Whenever a line in the entries below contains "Arial", copy that line.

------------------------------

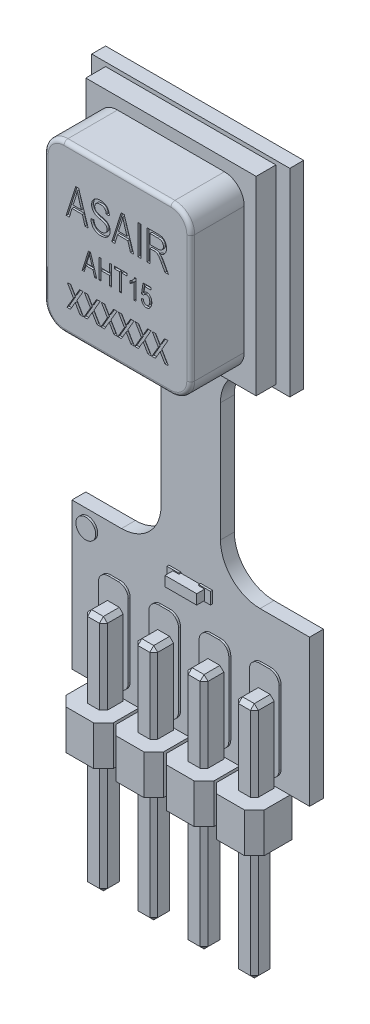
SolidWorks part; units mm, degrees
ref_plane "Alzado" through (0, 0, 0) normal (0, 0, 1) x (1, 0, 0)
ref_plane "Planta" through (0, 0, 0) normal (0, 1, 0) x (1, 0, 0)
ref_plane "Vista lateral" through (0, 0, 0) normal (1, 0, 0) x (0, 0, -1)
sketch "Sketch1" plane through (0, 0, 0) normal (0, 0, 1) x (1, 0, 0)
  line L0 (-7.0612, 0.7821) -> (18.5993, 0.7821) construction
  line L1 (-0.75, -2.5) -> (-0.75, -7.5)
  line L2 (-2.5, 2.5) -> (2.5, 2.5)
  line L3 (-2.5, 2.5) -> (-2.5, -2.5)
  line L4 (-2.5, -2.5) -> (2.5, -2.5)
  line L5 (2.5, 2.5) -> (2.5, -2.5)
  line L6 (0, -2.5) -> (0, 2.5) construction
  line L7 (-2.5, 0) -> (2.5, 0) construction
  line L8 (-0.75, -7.5) -> (-3, -7.5)
  line L9 (-3, -7.5) -> (-3, -11.2)
  line L10 (-3, -11.2) -> (3, -11.2)
  line L11 (3, -11.2) -> (3, -7.5)
  line L12 (3, -7.5) -> (0.75, -7.5)
  line L13 (0.75, -7.5) -> (0.75, -2.5)
  line L14 (-0.75, -7.5) -> (0.75, -7.5) construction
  point P2 (0, 0)
  point P13 (0, -7.5)
  dimension "D1" = 5
  dimension "D2" = 5
  dimension "D3" = 1.5
  dimension "D4" = 6
  dimension "D5" = 3.7
  dimension "D6" = 5
extrude "Boss-Extrude1" add sketch "Sketch1" against normal blind 0.35 contours L5 L2 L3 L4 | L12 L13 L4 L1 L8 L9 L10 L11 region at (0, -8.2515, 0) region at (0, 0, 0)
fillet "Fillet1" radius 1 4 edges at (0.75, -2.5, -0.175) (-0.75, -2.5, -0.175) (-0.75, -7.5, -0.175) (0.75, -7.5, -0.175)
sketch "Sketch2" plane through (0, 0, 0) normal (1, 0, 0) x (0, 0, -1)
  line L0 (-4.4118, -17.9701) -> (-4.4118, 13.5701) construction
sketch "Sketch6" plane through (0, 0, 0) normal (0, 0, 1) x (1, 0, 0)
  line L1 (-1.85, 2.1) -> (1.85, 2.1)
  line L2 (-1.85, 2.1) -> (-1.85, -2.1)
  line L3 (-1.85, -2.1) -> (1.85, -2.1)
  line L4 (1.85, 2.1) -> (1.85, -2.1)
  line L5 (0, -2.1) -> (0, 2.1) construction
  line L6 (-1.85, 0) -> (1.85, 0) construction
  point P0 (0, 0)
  dimension "D1" = 4.2
  dimension "D2" = 3.7
extrude "Boss-Extrude3" add sketch "Sketch6" along normal blind 2.2 from surface starting at face at (0, -4.8375, -0.35)
sketch "Sketch3" plane through (0, 0, 0) normal (0, 0, 1) x (1, 0, 0)
  line L1 (-2.15, 2.4) -> (2.15, 2.4)
  line L2 (-2.15, 2.4) -> (-2.15, -2.4)
  line L3 (-2.15, -2.4) -> (2.15, -2.4)
  line L4 (2.15, 2.4) -> (2.15, -2.4)
  line L5 (0, -2.4) -> (0, 2.4) construction
  line L6 (-2.15, 0) -> (2.15, 0) construction
  point P0 (0, 0)
  dimension "D1" = 4.8
  dimension "D2" = 4.3
extrude "Boss-Extrude2" add sketch "Sketch3" along normal blind 0.5
fillet "Fillet2" radius 0.5 4 edges at (1.85, 2.1, 1.175) (-1.85, 2.1, 1.175) (-1.85, -2.1, 1.175) (1.85, -2.1, 1.175)
fillet "Fillet3" radius 0.1 8 edges at (-1.7036, 1.9536, 1.85) (0, 2.1, 1.85) (1.7036, 1.9536, 1.85) (1.85, 0, 1.85) (1.7036, -1.9536, 1.85) (0, -2.1, 1.85) (-1.7036, -1.9536, 1.85) (-1.85, 0, 1.85)
sketch "Sketch7" plane through (0, 0, 0) normal (0, 0, 1) x (1, 0, 0)
  line L0 (-1.01, -9.825) -> (-1.53, -9.825) construction
  line L1 (-2.28, -8.65) -> (-1.53, -8.65)
  line L2 (-2.28, -8.65) -> (-2.28, -11)
  line L3 (-2.28, -11) -> (-1.53, -11)
  line L4 (-1.53, -8.65) -> (-1.53, -11)
  line L5 (-1.01, -8.65) -> (-0.26, -8.65)
  line L6 (-1.01, -8.65) -> (-1.01, -11)
  line L7 (-1.01, -11) -> (-0.26, -11)
  line L8 (-0.26, -8.65) -> (-0.26, -11)
  line L9 (0.26, -8.65) -> (1.01, -8.65)
  line L10 (0.26, -8.65) -> (0.26, -11)
  line L11 (0.26, -11) -> (1.01, -11)
  line L12 (1.01, -8.65) -> (1.01, -11)
  line L13 (1.53, -8.65) -> (2.28, -8.65)
  line L14 (1.53, -8.65) -> (1.53, -11)
  line L15 (1.53, -11) -> (2.28, -11)
  line L16 (2.28, -8.65) -> (2.28, -11)
  line L17 (-0.26, -9.825) -> (0.26, -9.825) construction
  line L18 (1.01, -9.825) -> (1.53, -9.825) construction
  line L19 (-3, -11.2) -> (3, -11.2) construction
  line L20 (-0.75, -7.5) -> (-3, -7.5) construction
  line L21 (-3, -7.5) -> (-3, -11.2) construction
  line L22 (-0.25, -7.85) -> (0.25, -7.85) construction
  line L23 (-0.55, -7.7) -> (-0.25, -7.7)
  line L24 (-0.55, -7.7) -> (-0.55, -8)
  line L25 (-0.55, -8) -> (-0.25, -8)
  line L26 (-0.25, -7.7) -> (-0.25, -8)
  line L27 (0.25, -7.7) -> (0.55, -7.7)
  line L28 (0.25, -7.7) -> (0.25, -8)
  line L29 (0.25, -8) -> (0.55, -8)
  line L30 (0.55, -7.7) -> (0.55, -8)
  line L31 (3, -7.5) -> (0.75, -7.5) construction
  circle A0 centre (-2.6, -7.9) radius 0.25
  point P22 (0, -9.825)
  point P42 (0, -7.85)
  dimension "D5" = 0.5
  dimension "D6" = 0.4
  dimension "D1" = 2.35
  dimension "D2" = 0.75
  dimension "D3" = 1.27
  dimension "D4" = 0.2
  dimension "D7" = 0.4
  dimension "D8" = 0.3
  dimension "D9" = 0.5
  dimension "D10" = 0.35
extrude "Boss-Extrude4" add sketch "Sketch7" along normal blind 0.05
fillet "Fillet4" radius 0.25 16 edges at (-1.53, -11, 0.025) (-2.28, -11, 0.025) (-2.28, -8.65, 0.025) (-1.53, -8.65, 0.025) (-0.26, -8.65, 0.025) (-1.01, -8.65, 0.025) (-1.01, -11, 0.025) (-0.26, -11, 0.025) (0.26, -11, 0.025) (0.26, -8.65, 0.025) (1.01, -8.65, 0.025) (1.01, -11, 0.025) (1.53, -11, 0.025) (2.28, -11, 0.025) (1.53, -8.65, 0.025) (2.28, -8.65, 0.025)
sketch "Sketch8" plane through (0, 0, 0) normal (0, 0, 1) x (1, 0, 0)
  line L1 (-0.4, -7.725) -> (0.4, -7.725)
  line L2 (-0.4, -7.725) -> (-0.4, -7.975)
  line L3 (-0.4, -7.975) -> (0.4, -7.975)
  line L4 (0.4, -7.725) -> (0.4, -7.975)
  line L6 (-0.25, -7.7) -> (-0.55, -7.7) construction
  line L7 (0.55, -7.7) -> (0.25, -7.7) construction
  line L8 (-0.55, -7.7) -> (-0.55, -8) construction
  point P9 (-0.4, -7.7)
  point P13 (0.4, -7.7)
  point P16 (-0.55, -7.85)
  point P17 (-0.4, -7.85)
  dimension "D1" = 0.25
extrude "Boss-Extrude5" add sketch "Sketch8" along normal blind 0.25
sketch "Sketch9" plane through (0, -11.2, 0) normal (0, -1, 0) x (1, 0, 0)
  line L1 (-2.505, 0.9) -> (-1.305, 0.9)
  line L2 (-2.505, 0.9) -> (-2.505, -0.3)
  line L3 (-2.505, -0.3) -> (-1.305, -0.3)
  line L4 (-1.305, 0.9) -> (-1.305, -0.3)
  line L5 (-1.905, -0.3) -> (-1.905, 0.9) construction
  line L6 (-2.505, 0.3) -> (-1.305, 0.3) construction
  line L7 (-2.03, 0.05) -> (-1.78, 0.05) construction
  line L8 (-3, 0) -> (3, 0) construction
  point P0 (-1.905, 0.3)
  point P11 (-1.905, 0.05)
  dimension "D1" = 1.2
  dimension "D2" = 0.3
extrude "Boss-Extrude6" add sketch "Sketch9" along normal blind 1
chamfer "Chamfer1" distance 0.25 angle 45 4 edges at (-1.305, -11.7, -0.3) (-2.505, -11.7, -0.3) (-1.305, -11.7, 0.9) (-2.505, -11.7, 0.9)
sketch "Sketch10" plane through (0, -12.2, 0) normal (0, -1, 0) x (1, 0, 0)
  line L0 (-1.305, -0.05) -> (-1.305, 0.65) construction
  line L1 (-2.155, 0.55) -> (-1.655, 0.55)
  line L2 (-2.155, 0.55) -> (-2.155, 0.05)
  line L3 (-2.155, 0.05) -> (-1.655, 0.05)
  line L4 (-1.655, 0.55) -> (-1.655, 0.05)
  line L5 (-1.905, 0.05) -> (-1.905, 0.55) construction
  line L6 (-2.155, 0.3) -> (-1.655, 0.3) construction
  line L7 (-1.555, 0.9) -> (-2.255, 0.9) construction
  point P0 (-1.905, 0.3)
  point P7 (-1.305, 0.3)
  point P13 (-1.905, 0.9)
  dimension "D1" = 0.5
extrude "Boss-Extrude7" add sketch "Sketch10" along normal blind 3 and the other way blind 3
chamfer "Chamfer2" distance 0.1 angle 45 13 edges at (-2.155, -9.2, 0.3) (-1.655, -9.2, 0.3) (-2.155, -10.2, 0.55) (-1.905, -9.2, 0.55) (-1.655, -10.2, 0.55) (-1.905, -15.2, 0.05) (-2.155, -13.7, 0.05) (-2.155, -15.2, 0.3) (-2.155, -13.7, 0.55) (-1.905, -15.2, 0.55) (-1.655, -13.7, 0.05) (-1.655, -15.2, 0.3) (-1.655, -13.7, 0.55)
pattern_linear "LPattern1" count 4 spacing 1.27 along (1, 0, 0) of "Boss-Extrude6", "Chamfer1", "Boss-Extrude7", "Chamfer2"
sketch "Sketch11" plane through (0, 0, 1.85) normal (0, 0, 1) x (1, 0, 0)
  line L0 (-1.5, 0.5) -> (1.5, 0.5) construction
  line L1 (-1.5, -0.5) -> (1.5, -0.5) construction
  line L2 (-1.5, -1.5) -> (1.5, -1.5) construction
  text T0 "ASAIR" font "Arial Narrow" height 0.75
  text T1 "AHT15" font "Arial Narrow" height 0.5
  text T2 "xxxxxx" font "Arial Narrow" height 0.75
  point P3 (0, -0.5)
  point P4 (0, 0.5)
  point P8 (0, -1.5)
  dimension "D1" = 0.5
  dimension "D2" = 3
  dimension "D3" = 1
  dimension "D4" = 1
extrude "Cut-Extrude1" cut sketch "Sketch11" against normal blind 0.05

------------------------------

• [Answer]:
  text T0 "ASAIR" font "Arial Narrow" height 0.75
  text T1 "AHT15" font "Arial Narrow" height 0.5
  text T2 "xxxxxx" font "Arial Narrow" height 0.75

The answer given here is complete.